OnionClaw provides an OpenClaw skill that routes requests through the Tor network to search dark-web indexes, fetch .onion hidden-service pages, rotate Tor circuits for fresh identities, and run a structured OSINT investigation pipeline. It bundles command-line scripts to check Tor status, search multiple live dark-web engines, fetch and scrape pages via Tor, and feed scraped content into an LLM-based analysis pipeline for threat intelligence or breach discovery. Typical outputs include deduplicated search results, fetched page text, extracted links, and a structured investigative report.
Use OnionClaw when you need lawful OSINT on dark-web sources: searching for leaked credentials, checking whether a domain or email appears in .onion indexes, investigating ransomware group activity, or fetching specific .onion pages for analysis. It is appropriate when you can run Tor locally and accept the operational caveats of intermittent hidden-service availability. Do NOT use for illegal activities.
Compatible with Python-based OpenClaw agents and any agent that can run local Python scripts; integrates with LLM providers when configured via .env for analysis steps.
OnionClaw is a Tor/dark web OSINT skill that searches 12 dark web engines, fetches .onion pages, and produces structured analysis reports. No bundled scripts were available to test.

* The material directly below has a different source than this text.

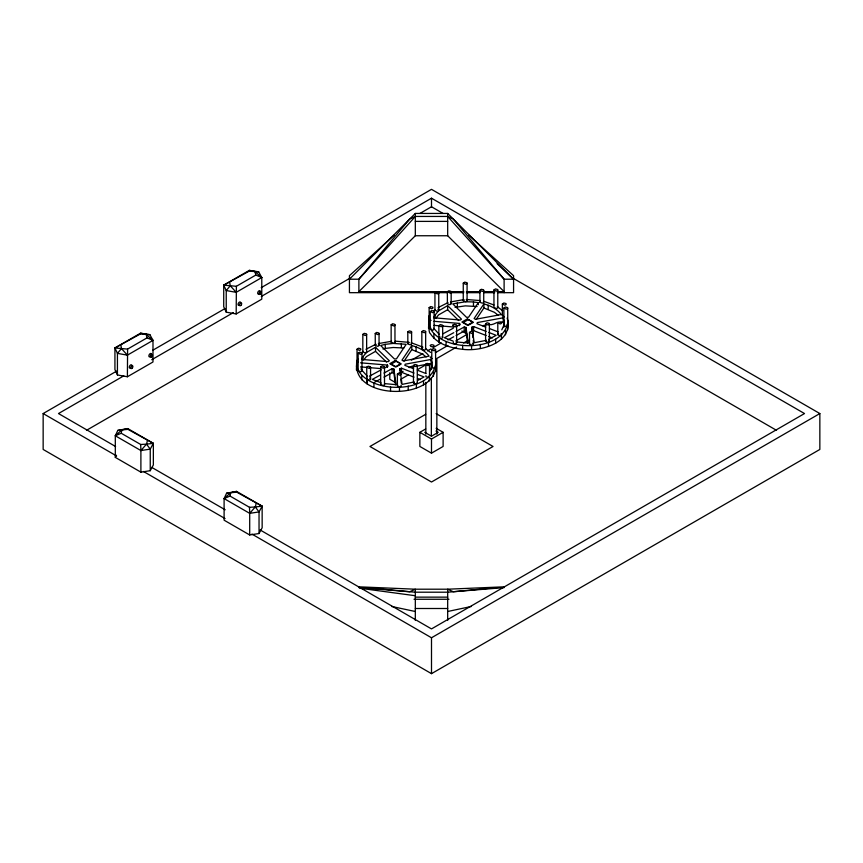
<?xml version="1.0" encoding="UTF-8"?>
<svg xmlns="http://www.w3.org/2000/svg" width="863" height="863" viewBox="0 0 863 863"><rect width="100%" height="100%" fill="white"/><g stroke="black" fill="none" stroke-linecap="round" stroke-linejoin="round"><path stroke-width="1.29" d="M127.39 376.764L127.595 349.094L147.044 337.865L152.988 340.378L152.988 361.985L127.39 376.764L117.433 374.963L114.93 369.569L114.93 347.962L140.529 333.183L149.871 334.639L152.988 340.378L127.39 355.157L117.433 353.366L114.93 347.962L140.324 333.992L149.871 334.639M236.182 313.949L236.386 286.289L255.836 275.06L261.78 277.562L261.78 299.17L236.182 313.949L226.235 312.158L223.722 306.753L223.722 285.157L249.321 270.378L258.673 271.823L261.78 277.562L236.182 292.341L226.235 290.551L223.722 285.157L249.116 271.176L258.673 271.823M356.419 365.966C365.189 395.092 433.183 395.027 435.934 362.18C440.324 402.665 345.567 400.691 357.724 358.803M356.419 370.044L356.678 360.842M428.533 328.404C429.601 298.069 427.271 332.913 430.259 333.463C437.174 344.251 450.605 348.005 462.644 349.31C481.338 351.813 514.046 342.438 507.185 318.026M431.813 368.76L430.939 359.461L405.168 364.218L404.855 365.34L413.604 368.738M503.927 327.12L503.053 317.832L477.282 322.579L476.969 323.711L485.718 327.099M508.048 320.54C505.297 353.388 437.304 353.452 428.533 324.337M147.422 440.615L146.494 444.143L150.248 449.105L140.896 450.551L115.308 435.772L121.241 433.258L121.845 429.914L127.756 428.577L153.355 443.355L153.355 464.963L150.248 470.702L140.896 472.147L115.308 457.379L115.308 435.772L117.81 430.378L127.756 428.577L127.961 429.375L153.355 443.355L150.248 449.105L150.248 470.702M256.214 503.42L255.286 506.959L259.04 511.91L249.698 513.356L224.1 498.587L230.033 496.074L230.637 492.719L236.548 491.392L262.147 506.171L262.147 527.768L259.04 533.517L249.698 534.963L224.1 520.184L224.1 498.587L226.602 493.183L236.548 491.392L236.753 492.19L262.147 506.171L259.04 511.91L259.04 533.517M140.324 333.992L140.529 333.183L146.117 334.337L152.988 340.378M249.116 271.176L249.321 270.378L254.919 271.521L261.78 277.562M357.023 349.235L358.501 348.188L360.615 348.738A1.909 1.1 0 0 1 359.375 350.346L357.023 349.235L357.023 360.961L358.382 362.05M362.827 334.391L364.294 333.345L366.419 333.895A1.909 1.1 0 0 1 365.168 335.502L362.827 334.391L362.827 351.834L365.168 352.945A1.909 1.1 0 0 0 366.419 351.349M358.145 353.194L359.623 352.158L361.737 352.708A1.909 1.1 0 0 1 360.497 354.305L358.145 353.194L358.145 370.648L360.497 371.759A1.909 1.1 0 0 0 361.737 370.151L361.068 369.742M357.023 360.961L357.66 360.173M375.232 333.452L376.71 332.417L378.825 332.967A1.909 1.1 0 0 1 377.584 334.564L375.232 333.452L375.276 345.47L377.584 346.3A1.909 1.1 0 0 0 378.825 344.693L378.512 344.456M366.732 367.25L368.21 366.203L370.335 366.753A1.909 1.1 0 0 1 369.084 368.361L366.732 367.25L366.786 379.267L369.084 380.087A1.909 1.1 0 0 0 370.324 378.49L369.655 378.07M375.232 345.189L375.869 344.402M366.732 378.976L367.379 378.188M391.144 324.79L392.622 323.744L394.736 324.294A1.909 1.1 0 0 1 393.496 325.901L391.144 324.79L391.144 342.244L393.496 343.345A1.909 1.1 0 0 0 394.736 341.748M380.691 367.012L382.169 365.966L384.283 366.516A1.909 1.1 0 0 1 383.043 368.123L380.691 367.012L380.691 384.456L383.043 385.567A1.909 1.1 0 0 0 384.466 384.24M391.144 342.244L391.435 341.694M380.691 384.456L380.982 383.906M407.789 331.942L409.267 330.907L411.381 331.457A1.909 1.1 0 0 1 410.141 333.053L407.789 331.942L407.843 343.959L410.141 344.779A1.909 1.1 0 0 0 411.381 343.183L411.068 342.945M397.368 374.046L398.846 373.01L400.971 373.56A1.909 1.1 0 0 1 399.72 375.157L397.368 374.046L397.422 386.063L399.72 386.883A1.909 1.1 0 0 0 400.971 385.286M407.789 343.668L408.792 342.73M397.368 385.772L397.66 385.222M421.834 331.586L423.312 330.551L425.437 331.101A1.909 1.1 0 0 1 424.186 332.697L421.834 331.586L421.834 349.04L424.186 350.151A1.909 1.1 0 0 0 425.437 348.555L430.572 352.406M429.138 307.595L430.615 306.559L432.73 307.109A1.909 1.1 0 0 1 431.489 308.706L429.138 307.595L429.138 319.321L431.101 320.453M413.463 365.448L414.941 364.413L417.056 364.963A1.909 1.1 0 0 1 415.815 366.559L413.463 365.448L413.463 382.902L415.815 384.013A1.909 1.1 0 0 0 417.239 382.687M434.941 292.751L436.408 291.716L438.533 292.266A1.909 1.1 0 0 1 437.282 293.862L434.941 292.751L434.941 310.205L437.282 311.316A1.909 1.1 0 0 0 438.533 309.709L437.854 309.299M430.259 311.554L431.737 310.518L433.852 311.068A1.909 1.1 0 0 1 432.611 312.665L430.259 311.554L430.259 329.008L432.611 330.119A1.909 1.1 0 0 0 433.852 328.523L433.55 328.274M429.138 319.321L429.429 318.771M421.834 349.04L422.482 348.253M413.463 382.902L413.755 382.352M434.941 310.205L435.222 309.655M430.259 329.008L430.907 328.22M447.347 291.823L448.825 290.777L450.939 291.327A1.909 1.1 0 0 1 449.699 292.935L447.347 291.823L447.401 303.841L449.699 304.661A1.909 1.1 0 0 0 450.939 303.064M431.77 349.688L433.237 348.641L435.362 349.191A1.909 1.1 0 0 1 434.121 350.788L431.77 349.688L431.77 367.131L434.121 368.242A1.909 1.1 0 0 0 435.362 366.646M438.846 325.61L440.324 324.574L442.449 325.124A1.909 1.1 0 0 1 441.198 326.721L438.846 325.61L438.9 337.627L441.198 338.447A1.909 1.1 0 0 0 442.449 336.85L442.136 336.613M438.846 337.336L439.86 336.397M463.258 283.15L464.736 282.115L466.851 282.665A1.909 1.1 0 0 1 465.61 284.261L463.258 283.15L463.258 300.604L465.61 301.716A1.909 1.1 0 0 0 466.851 300.119L466.538 299.871M463.258 300.604L463.895 299.817M479.904 290.313L481.381 289.267L483.496 289.817A1.909 1.1 0 0 1 482.255 291.414L479.904 290.313L479.957 302.32L482.255 303.15A1.909 1.1 0 0 0 483.496 301.543M469.494 332.417L470.961 331.37L473.086 331.921A1.909 1.1 0 0 1 471.834 333.528L469.494 332.417L469.537 344.434L471.834 345.254A1.909 1.1 0 0 0 473.086 343.647L472.406 343.237M479.904 302.039L480.195 301.489M469.494 344.143L469.774 343.593M493.949 289.957L495.427 288.911L497.552 289.461A1.909 1.1 0 0 1 496.301 291.058L493.949 289.957L493.949 307.401L496.301 308.512A1.909 1.1 0 0 0 497.552 306.915M485.578 323.819L487.056 322.773L489.17 323.323A1.909 1.1 0 0 1 487.929 324.93L485.578 323.819L485.578 341.273L487.929 342.374A1.909 1.1 0 0 0 489.17 340.777L488.857 340.54M485.578 341.273L486.214 340.486M502.352 304.035L503.83 302.989L505.955 303.539A1.909 1.1 0 0 1 504.704 305.135L502.352 304.035L502.352 315.761L504.326 316.894M503.884 308.048L505.362 307.001L507.476 307.552A1.909 1.1 0 0 1 506.236 309.159L503.884 308.048L503.884 325.502L506.236 326.613A1.909 1.1 0 0 0 507.476 325.006L507.164 324.768M502.352 315.761L502.644 315.211M501.079 333.808L501.392 334.046A1.909 1.1 0 0 1 500.152 335.653L498.027 335.092L498.436 333.754M503.884 325.502L504.521 324.715M429.677 371.489L431.694 367.002L431.932 362.363L430.939 359.461M501.791 329.86L503.809 325.373L504.046 320.734L503.053 317.832M115.308 457.379L116.311 455.211M362.935 356.753L361.565 359.407L388.264 361.651L389.31 360.756L375.513 347.293L366.43 352.503L362.935 356.753L362.935 359.806M435.049 315.124L433.679 317.767L460.378 320.011L461.435 319.127L447.627 305.653L438.544 310.863L435.049 315.124L435.049 318.177M411.791 345.556L401.996 360.151L403.28 360.939L429.105 356.171C425.092 350.486 418.35 347.347 411.791 345.556L411.791 349.623L404.1 361.101M478.329 302.665L468.566 317.228L466.559 317.347L452.762 303.884L465.34 301.791L473.474 301.931L478.329 302.665L478.329 304.704M483.906 303.916L474.111 318.523L475.394 319.299L501.23 314.542C497.207 308.846 490.464 305.707 483.906 303.916L483.906 307.994L476.214 319.461M425.977 375.621L425.912 376.732L428.037 377.282A1.909 1.1 0 0 0 429.278 375.685M361.521 353.107L363.043 351.241M363.636 359.979L366.43 356.57L375.513 351.36L375.513 347.293M433.636 311.467L435.157 309.612M435.75 318.339L438.544 314.941L447.627 309.731L447.627 305.653M120.874 345.222L121.467 348.566L117.433 353.366L117.433 374.963M229.666 282.406L230.259 285.75L226.235 290.551L226.235 312.158M140.896 472.147L140.896 450.551L146.494 444.143L153.355 443.355M249.698 534.963L249.698 513.356L255.286 506.959L262.147 506.171M504.111 292.676L504.111 279.213L453.237 218.986L447.681 216.44L415.319 216.44L358.889 279.213L358.889 291.64L463.776 291.64M447.681 216.44L504.111 279.213L513.571 279.213L447.681 213.441L415.319 213.441L349.429 279.213L358.889 279.213L409.763 218.986L415.319 216.44M358.889 291.64L415.319 235.75L447.681 235.75L504.111 291.64L497.39 291.64M394.359 235.07L349.429 275.685L349.429 292.676L435.513 292.676M115.308 435.772L121.845 429.914L127.961 429.375M224.1 498.587L230.637 492.719L236.753 492.19M365.934 349.278L375.88 344.251M438.048 307.638L447.994 302.622M453.453 342.039L453.032 343.388L455.157 343.938A1.909 1.1 0 0 0 456.398 342.331L456.085 342.093M261.23 287.649L431.5 189.342L819.85 413.55L819.85 449.45L431.5 673.658L43.15 449.45L43.15 413.55L116.624 371.133M152.773 350.259L225.081 308.523M123.765 375.869L58.49 413.55L115.61 446.527M151.748 359.72L233.344 312.611M261.316 296.451L431.5 198.199L804.51 413.55L431.5 628.911L260.151 529.979M419.947 213.441L431.5 206.764L443.053 213.441M86.462 430.335L349.903 278.242M411.371 360.195L422.848 353.56M427.444 350.917L430.896 348.922M433.194 347.595L441.23 342.956M400.799 372.654L403.097 371.327M409.99 367.358L412.287 366.031M435.254 352.762L447.886 345.47M455.923 340.831L467.412 334.197M401.112 379.084L408.091 375.06M417.39 369.688L425.535 364.984M456.624 347.034L436.851 358.447L436.851 434.143M463.604 342.999L468.264 340.313M425.696 414.305L369.957 446.484L431.5 482.018L493.043 446.484L436.149 413.636M436.139 428.296L443.118 432.32L443.118 446.451L431.489 453.161L419.86 446.451L419.86 432.32L425.675 428.965M419.86 432.32L431.489 439.03L443.118 432.32M251.899 534.078L431.5 637.768L819.85 413.55M442.697 333.949L453.323 328.177M455.686 326.904L460.087 324.477L459.494 323.431L434.024 321.295M369.396 376.225L381.209 369.817M384.747 367.897L387.972 366.106L387.379 365.071L360.572 362.816M453.744 332.697L444.434 337.746L453.064 341.068M456.063 331.435L464.208 327.012L465.998 327.433L468.231 343.043L456.754 341.975M380.464 374.963L372.32 379.386L380.939 382.697M383.949 373.064L392.093 368.652L393.884 369.062L396.117 384.671L384.639 383.614M447.929 339.925L453.744 336.764M456.063 335.502L464.208 331.09L465.998 331.5L467.681 343.204M374.65 382.19L380.464 379.04M383.949 377.142L392.093 372.719L393.884 373.14L395.567 384.844M488.62 339.375L496.182 335.319L488.652 332.395M417.573 380.551L424.067 376.948L417.789 374.52M486.149 331.424L473.604 326.559L471.964 327.131L471.964 331.198M472.546 331.079L473.604 330.637L486.149 335.502M414.035 373.064L401.489 368.199L399.849 368.771L399.849 370.799M431.252 356.451L430.292 357.681L432.093 358.533M414.035 377.131L401.489 372.277L399.849 372.838M450.508 301.953L463.755 299.623M455.049 307.368L465.34 305.869L477.12 306.559M378.393 343.593L391.64 341.263M385.232 344.337L380.648 345.513L394.445 358.976L396.451 358.868L406.214 344.305L393.215 343.431L385.232 344.337L385.232 348.415L382.935 348.997M486.473 340.302L474.197 342.751L471.964 327.131M414.359 381.942L402.082 384.391L399.849 368.771M447.681 611.5L471.403 606.452M482.439 325.696L486.301 324.984M488.879 324.51C493.722 325.836 497.207 320.572 501.392 322.32A1.909 1.1 0 0 1 500.152 323.916L497.8 322.805L497.8 334.542M500.475 322.374L503.053 321.899M409.03 367.573L414.186 366.624M416.764 366.149L430.939 363.539M385.232 348.415L393.215 347.498L403.787 348.005M117.81 430.378L121.845 429.914M226.602 493.183L230.637 492.719M504.186 587.595L447.681 592.201L415.319 592.201L358.814 587.595M121.241 433.258L140.691 444.488L146.494 444.143M230.033 496.074L249.493 507.304L255.286 506.959M415.319 221.392L447.681 221.392M466.462 291.64L479.904 291.64M483.938 291.64L494.704 291.64M438.199 292.676L447.617 292.676M450.313 292.676L463.755 292.676M466.452 292.676L479.904 292.676M483.938 292.676L494.693 292.676M497.39 292.676L513.571 292.676L513.571 275.685L468.641 235.07M415.319 597.142L447.681 597.142M414.024 599.267L448.976 599.267M415.319 608.501L447.681 608.501M466.279 299.504L480.011 300.551M395.437 341.165L409.116 342.363M434.024 325.362L439.386 325.815M442.072 326.041L454.132 327.055M360.572 366.883L367.271 367.444M369.957 367.67L380.68 368.577M223.722 285.157L236.386 286.289M114.93 347.962L127.595 349.094M359.968 588.253L415.319 595.729M391.597 606.452L415.319 611.5M483.906 307.994L494.402 312.309L498.264 315.275M411.791 349.623L422.287 353.938L426.149 356.904M483.949 301.349L493.916 304.973M411.834 342.978L422.935 347.163M489.472 328.555L498.221 331.942M488.652 336.473L492.417 337.929M417.358 370.195L426.106 373.582M417.789 378.587L420.303 379.569M513.097 278.242L776.538 430.335M461.899 331.025L466.3 333.56M435.977 431.025L438.221 432.32L431.489 436.203L424.758 432.32M151.748 467.39L225.178 509.785M43.15 413.55L116.624 455.977M143.441 471.457L225.081 518.587M439.353 334.488L434.089 328.695M367.239 376.117L361.975 370.335L361.198 368.059M497.325 306.645L502.687 310.766M497.099 263.657L513.571 279.213M447.627 309.731L458.674 320.507M375.513 351.36L386.559 362.136M230.259 285.75L236.182 292.341M121.467 348.566L127.39 355.157M254.919 271.521L255.836 275.06M146.117 334.337L147.044 337.865M473.269 340.313L473.636 342.913M400.777 379.342L401.338 383.248M249.493 507.304L249.698 513.356M140.691 444.488L140.896 450.551M367.109 379.849L367.142 383.938L367.142 379.871M507.703 308.113L507.778 329.774M505.535 330.691L505.535 334.758M501.446 335.243L501.425 339.342M497.778 290.022L497.778 307.476M495.642 339.202L495.642 343.269M489.397 323.884L489.397 341.338M488.501 342.298L488.501 346.365M488.188 305.189L488.188 309.267M483.722 290.378L483.722 302.104M480.335 344.391L480.335 348.469M473.604 326.559L473.604 330.637M473.474 301.931L473.474 306.009M472.913 329.839L472.913 337.627M471.576 345.394L471.576 349.461M467.077 283.226L467.077 300.669M465.998 327.433L465.998 331.5M464.208 327.012L464.208 331.09M462.644 345.243L462.644 349.31M459.494 323.431L459.526 325.653M457.347 302.708L457.347 306.775M456.624 325.437L456.624 342.891M451.166 291.888L451.166 303.625M447.681 213.441L447.681 235.75M447.681 620.454L447.681 589.202L504.111 586.829L453.237 591.748L447.681 589.202L415.319 589.202L358.889 586.829L409.763 591.748L415.319 589.202L415.319 620.454M446.074 341.565L446.074 345.642M442.676 325.675L442.676 337.411M438.76 292.816L438.76 310.27M435.588 349.752L435.664 371.403M434.089 311.629L434.089 329.083M433.895 334.11L433.895 338.177M433.42 372.32L433.42 376.397M431.5 198.199L431.5 207.422M431.489 439.03L431.489 453.161M431.5 637.768L431.5 673.658M431.349 364.283L431.349 369.591M431.349 377.563L431.349 435.998M429.504 364.51L429.504 376.246M429.332 376.872L429.31 380.971M425.837 365.081L425.837 373.053M425.837 382.352L425.837 434.143M425.664 331.662L425.664 349.105M423.528 380.842L423.528 384.909M417.282 365.524L417.282 382.978M416.387 383.927L416.387 388.005M416.074 346.829L416.074 350.896M415.319 213.441L415.319 235.75M411.608 332.007L411.608 343.744M408.221 386.031L408.221 390.098M401.489 368.199L401.489 372.277M401.36 343.571L401.36 347.638M399.461 387.023L399.461 391.101M395.286 379.849L395.286 382.438L389.785 379.267L389.785 372.773M394.963 324.855L394.963 342.309M393.884 369.062L393.884 373.14M392.093 368.652L392.093 372.719M390.529 386.872L390.529 390.95M387.411 365.254L387.411 367.282M387.379 365.071L387.379 367.099M384.51 367.077L384.51 384.531M379.051 333.528L379.051 345.254M373.949 383.204L373.949 387.271M370.561 367.314L370.561 379.04M366.646 334.456L366.646 351.91M361.975 353.258L361.975 370.712M361.78 375.739L361.78 379.817M239.396 305.189A1.866 1.079 -60 0 1 238.08 304.294A1.866 1.079 -60 0 1 239.623 302.028A1.866 1.079 -60 0 1 240.669 303.323M258.986 293.884A1.866 1.079 -60 0 1 257.67 292.978A1.866 1.079 -60 0 1 259.213 290.723A1.866 1.079 -60 0 1 260.259 292.018M130.604 368.005A1.866 1.079 -60 0 1 129.288 367.109A1.866 1.079 -60 0 1 130.831 364.844A1.866 1.079 -60 0 1 131.877 366.139M149.849 356.84A1.866 1.079 -60 0 1 148.911 355.513A1.866 1.079 -60 0 1 150.529 353.496A1.866 1.079 -60 0 1 151.467 354.822M430.324 345.383L430.777 346.462L432.59 346.775A1.909 1.1 0 0 0 433.83 345.178L431.716 344.628L430.324 345.383M425.761 364.164L426.225 365.243L428.037 365.556A1.909 1.1 0 0 0 429.278 363.959L427.163 363.399L425.761 364.164M452.892 325.092L453.345 326.171L455.157 326.484A1.909 1.1 0 0 0 456.398 324.887L454.283 324.337L452.892 325.092M395.286 360.507L389.785 363.679L395.286 366.861L400.799 363.679L395.286 360.507M467.412 318.868L461.899 322.05L467.412 325.232L472.913 322.05L467.412 318.868M396.171 361.252L391.284 364.078L396.171 366.904L401.068 364.078L396.171 361.252M468.285 319.612L463.399 322.438L468.285 325.265L473.183 322.438L468.285 319.612M439.256 342.309L439.224 338.21L439.256 342.309M240.853 305.416A1.575 0.906 -60 0 0 241.36 302.989A1.575 0.906 -60 0 0 239.493 304.628A1.575 0.906 -60 0 0 240.853 305.416M260.443 294.11A1.575 0.906 -60 0 0 260.95 291.672A1.575 0.906 -60 0 0 259.083 293.323A1.575 0.906 -60 0 0 260.443 294.11M132.061 368.231A1.575 0.906 -60 0 0 132.557 365.793A1.575 0.906 -60 0 0 130.701 367.444A1.575 0.906 -60 0 0 132.061 368.231M151.651 356.915A1.575 0.906 -60 0 0 152.147 354.488A1.575 0.906 -60 0 0 150.291 356.128A1.575 0.906 -60 0 0 151.651 356.915"/></g></svg>

The SKILL.md is well-documented with clear command examples and investigation flows. Key security concern: sync_sicry.py fetches and overwrites local code from a remote GitHub repo (effectively curl|bash pattern), and git pull auto-update without confirmation.
The sync_sicry.py mechanism is the biggest red flag — it downloads code from GitHub and replaces a local module, which is a supply-chain attack vector. The git pull auto-update is also concerning but less severe. The skill's purpose (dark web OSINT) is legitimate but niche. No scripts were bundled in the DB fetch so runtime behavior couldn't be tested. The SKILL.md itself is high quality with good structure.